NewsNewsChannel 5 Investigates

Actions

Career prosecutors withdraw from federal criminal investigation of GOP Congressman Andy Ogles

Local prosecutors are not commenting, but move may signal plans to drop investigation of one of President Trump's Republican allies
Posted
Andy Ogles AP Photo.jpg

NASHVILLE, Tenn. (WTVF) — Federal prosecutors based in Nashville have withdrawn from the criminal investigation of Tennessee Congressman Andy Ogles, an unprecedented move that could signal plans by the Trump administration to drop the case against a Republican ally.

With no explanation, Acting U.S. Attorney Brian McGuire filed a notice late Thursday to withdraw Assistant U.S. Attorneys Robert S. Levine and J. Christopher Suedekum from an on-going legal dispute over the FBI's access to evidence seized from Ogles last year.

McGuire's motion said the case would now be handled completely out of the Department of Justice in Washington, D.C.

That follows a recent move by the new Trump administration to force out the longtime head of DOJ's public corruption unit, Corey Amundson. That leaves another career prosecutor, John P. Taddei, a trial attorney in DOJ's public integrity section, on the Ogles case.

A spokesperson for the U.S. Attorney's Office in Nashville declined to comment on the motion, as did Ogles attorney Alex Little.

For at least six months, the Maury County Republican has faced an FBI investigation into potential fraud involving campaign finance statements he filed during his first run for Congress in 2022 — specifically, his claim on federal reports to have personally loaned his campaign $320,000 of his own money.

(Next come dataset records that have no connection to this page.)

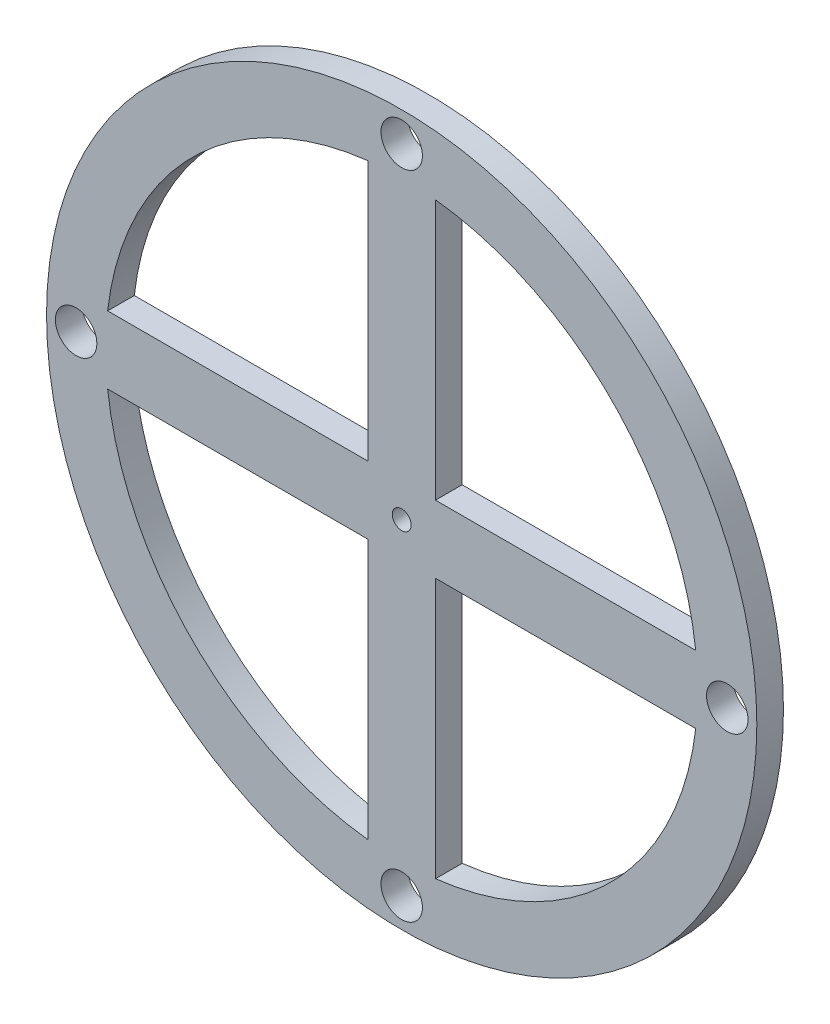
ISO-10303-21;
HEADER;
FILE_DESCRIPTION(('STEP AP214'),'2;1');
FILE_NAME('part.step','',(''),(''),'','','');
FILE_SCHEMA(('AUTOMOTIVE_DESIGN { 1 0 10303 214 1 1 1 1 }'));
ENDSEC;
DATA;
#1=APPLICATION_CONTEXT('core data for automotive mechanical design processes');
#2=APPLICATION_PROTOCOL_DEFINITION('international standard','automotive_design',2000,#1);
#3=PRODUCT_CONTEXT('',#1,'mechanical');
#4=PRODUCT('Part','Part','',(#3));
#5=PRODUCT_RELATED_PRODUCT_CATEGORY('part','',(#4));
#6=PRODUCT_DEFINITION_FORMATION('','',#4);
#7=PRODUCT_DEFINITION_CONTEXT('part definition',#1,'design');
#8=PRODUCT_DEFINITION('design','',#6,#7);
#9=PRODUCT_DEFINITION_SHAPE('','',#8);
#10=(LENGTH_UNIT() NAMED_UNIT(*) SI_UNIT(.MILLI.,.METRE.));
#11=(NAMED_UNIT(*) PLANE_ANGLE_UNIT() SI_UNIT($,.RADIAN.));
#12=(NAMED_UNIT(*) SI_UNIT($,.STERADIAN.) SOLID_ANGLE_UNIT());
#13=UNCERTAINTY_MEASURE_WITH_UNIT(LENGTH_MEASURE(1.E-05),#10,'distance_accuracy_value','');
#14=(GEOMETRIC_REPRESENTATION_CONTEXT(3) GLOBAL_UNCERTAINTY_ASSIGNED_CONTEXT((#13)) GLOBAL_UNIT_ASSIGNED_CONTEXT((#10,
#11,#12)) REPRESENTATION_CONTEXT('',''));
#15=CARTESIAN_POINT('',(0.,0.,0.));
#16=DIRECTION('',(0.,0.,1.));
#17=DIRECTION('',(1.,0.,0.));
#18=AXIS2_PLACEMENT_3D('',#15,#16,#17);
#19=CARTESIAN_POINT('',(0.,-5.71428571428571,4.5));
#20=DIRECTION('',(0.,1.,0.));
#21=DIRECTION('',(0.,0.,1.));
#22=AXIS2_PLACEMENT_3D('',#19,#20,#21);
#23=PLANE('',#22);
#24=DIRECTION('',(1.,0.,0.));
#25=VECTOR('',#24,1.);
#26=CARTESIAN_POINT('',(0.,-5.71428571428571,0.));
#27=LINE('',#26,#25);
#28=CARTESIAN_POINT('',(5.7142857142857,-5.71428571428571,0.));
#29=VERTEX_POINT('',#28);
#30=CARTESIAN_POINT('',(49.6723961448963,-5.71428571428571,0.));
#31=VERTEX_POINT('',#30);
#32=EDGE_CURVE('E145',#29,#31,#27,.T.);
#33=ORIENTED_EDGE('',*,*,#32,.T.);
#34=DIRECTION('',(0.,0.,-1.));
#35=VECTOR('',#34,1.);
#36=CARTESIAN_POINT('',(49.6723961448963,-5.71428571428571,4.5));
#37=LINE('',#36,#35);
#38=CARTESIAN_POINT('',(49.6723961448963,-5.71428571428571,4.5));
#39=VERTEX_POINT('',#38);
#40=EDGE_CURVE('E11',#39,#31,#37,.T.);
#41=ORIENTED_EDGE('',*,*,#40,.F.);
#42=DIRECTION('',(1.,0.,0.));
#43=VECTOR('',#42,1.);
#44=CARTESIAN_POINT('',(0.,-5.71428571428571,4.5));
#45=LINE('',#44,#43);
#46=CARTESIAN_POINT('',(5.7142857142857,-5.71428571428571,4.5));
#47=VERTEX_POINT('',#46);
#48=EDGE_CURVE('E136',#47,#39,#45,.T.);
#49=ORIENTED_EDGE('',*,*,#48,.F.);
#50=DIRECTION('',(0.,0.,-1.));
#51=VECTOR('',#50,1.);
#52=CARTESIAN_POINT('',(5.7142857142857,-5.71428571428571,4.5));
#53=LINE('',#52,#51);
#54=EDGE_CURVE('E60',#47,#29,#53,.T.);
#55=ORIENTED_EDGE('',*,*,#54,.T.);
#56=EDGE_LOOP('',(#33,#41,#49,#55));
#57=FACE_BOUND('',#56,.T.);
#58=ADVANCED_FACE('F41',(#57),#23,.F.);
#59=CARTESIAN_POINT('',(0.,0.,4.5));
#60=DIRECTION('',(0.,0.,-1.));
#61=DIRECTION('',(-1.,0.,0.));
#62=AXIS2_PLACEMENT_3D('',#59,#60,#61);
#63=CYLINDRICAL_SURFACE('',#62,50.);
#64=CARTESIAN_POINT('',(0.,0.,0.));
#65=DIRECTION('',(0.,0.,1.));
#66=DIRECTION('',(1.,0.,0.));
#67=AXIS2_PLACEMENT_3D('',#64,#65,#66);
#68=CIRCLE('',#67,50.);
#69=CARTESIAN_POINT('',(5.71428571428572,-49.6723961448963,0.));
#70=VERTEX_POINT('',#69);
#71=EDGE_CURVE('E204',#70,#31,#68,.T.);
#72=ORIENTED_EDGE('',*,*,#71,.F.);
#73=DIRECTION('',(0.,0.,-1.));
#74=VECTOR('',#73,1.);
#75=CARTESIAN_POINT('',(5.71428571428572,-49.6723961448963,4.5));
#76=LINE('',#75,#74);
#77=CARTESIAN_POINT('',(5.71428571428572,-49.6723961448963,4.5));
#78=VERTEX_POINT('',#77);
#79=EDGE_CURVE('E51',#78,#70,#76,.T.);
#80=ORIENTED_EDGE('',*,*,#79,.F.);
#81=CARTESIAN_POINT('',(0.,0.,4.5));
#82=DIRECTION('',(0.,0.,1.));
#83=DIRECTION('',(1.,0.,0.));
#84=AXIS2_PLACEMENT_3D('',#81,#82,#83);
#85=CIRCLE('',#84,50.);
#86=EDGE_CURVE('E141',#78,#39,#85,.T.);
#87=ORIENTED_EDGE('',*,*,#86,.T.);
#88=ORIENTED_EDGE('',*,*,#40,.T.);
#89=EDGE_LOOP('',(#72,#80,#87,#88));
#90=FACE_BOUND('',#89,.T.);
#91=ADVANCED_FACE('F148',(#90),#63,.F.);
#92=CARTESIAN_POINT('',(-49.6723961448963,-5.71428571428571,0.));
#93=VERTEX_POINT('',#92);
#94=CARTESIAN_POINT('',(-5.71428571428571,-49.6723961448963,0.));
#95=VERTEX_POINT('',#94);
#96=EDGE_CURVE('E217',#93,#95,#68,.T.);
#97=ORIENTED_EDGE('',*,*,#96,.F.);
#98=DIRECTION('',(0.,0.,-1.));
#99=VECTOR('',#98,1.);
#100=CARTESIAN_POINT('',(-49.6723961448963,-5.71428571428571,4.5));
#101=LINE('',#100,#99);
#102=CARTESIAN_POINT('',(-49.6723961448963,-5.71428571428571,4.5));
#103=VERTEX_POINT('',#102);
#104=EDGE_CURVE('E243',#103,#93,#101,.T.);
#105=ORIENTED_EDGE('',*,*,#104,.F.);
#106=CARTESIAN_POINT('',(-5.71428571428571,-49.6723961448963,4.5));
#107=VERTEX_POINT('',#106);
#108=EDGE_CURVE('E150',#103,#107,#85,.T.);
#109=ORIENTED_EDGE('',*,*,#108,.T.);
#110=DIRECTION('',(0.,0.,-1.));
#111=VECTOR('',#110,1.);
#112=CARTESIAN_POINT('',(-5.71428571428571,-49.6723961448963,4.5));
#113=LINE('',#112,#111);
#114=EDGE_CURVE('E245',#107,#95,#113,.T.);
#115=ORIENTED_EDGE('',*,*,#114,.T.);
#116=EDGE_LOOP('',(#97,#105,#109,#115));
#117=FACE_BOUND('',#116,.T.);
#118=ADVANCED_FACE('F285',(#117),#63,.F.);
#119=CARTESIAN_POINT('',(0.,-5.71428571428571,4.5));
#120=DIRECTION('',(0.,1.,0.));
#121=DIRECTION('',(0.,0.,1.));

NewsChannel 5’s exclusive investigation discovered that Ogles did not appear to have the financial resources to make such a loan, and he later filed amended campaign reports declaring that he had only loaned his campaign $20,000.

A congressional ethics investigation has so far confirmed NewsChannel 5’s questions, with Ogles’ treasurer speculating in sworn testimony that the Republican may have misrepresented the amount of money he had available to make his campaign look stronger in order to “buy the primary.”

Similar allegations led to the indictment of New York Congressman George Santos on federal fraud charges, leading to his eventual guilty plea and resignation.

Court filings show that the FBI served a search warrant on Google in July 2024 for Ogles' personal email account.

Then, on the day after the August primary, FBI agents showed up at Ogles' farm in Maury County with a second search warrant to seize his personal cell phone.

Since then, Ogles' team of high-powered attorneys has managed to keep the FBI from looking at the evidence, arguing that the FBI as part of the Executive Branch should not be able to see any communications regarding legislative business. They had asked a magistrate to allow them to work with the court cull out any evidence regarding legislative matters.

U.S. Magistrate Judge Alistair Newbern has not acted on that legal dispute for more than three months.

As NewsChannel 5 has previously reported, Ogles has appeared to attempt to curry favor with President Trump in recent weeks, introducing a resolution that has no chance of passing Congress to allow Trump to seek a third term, as well as a resolution supporting his bid to take over Greenland.

Ogles also showed up last year in support of President Trump at his hush-money trial in Manhattan.

The second-term congressman still faces an investigation by the U.S. House Ethics Committee over that report of the $320,000 personal loan.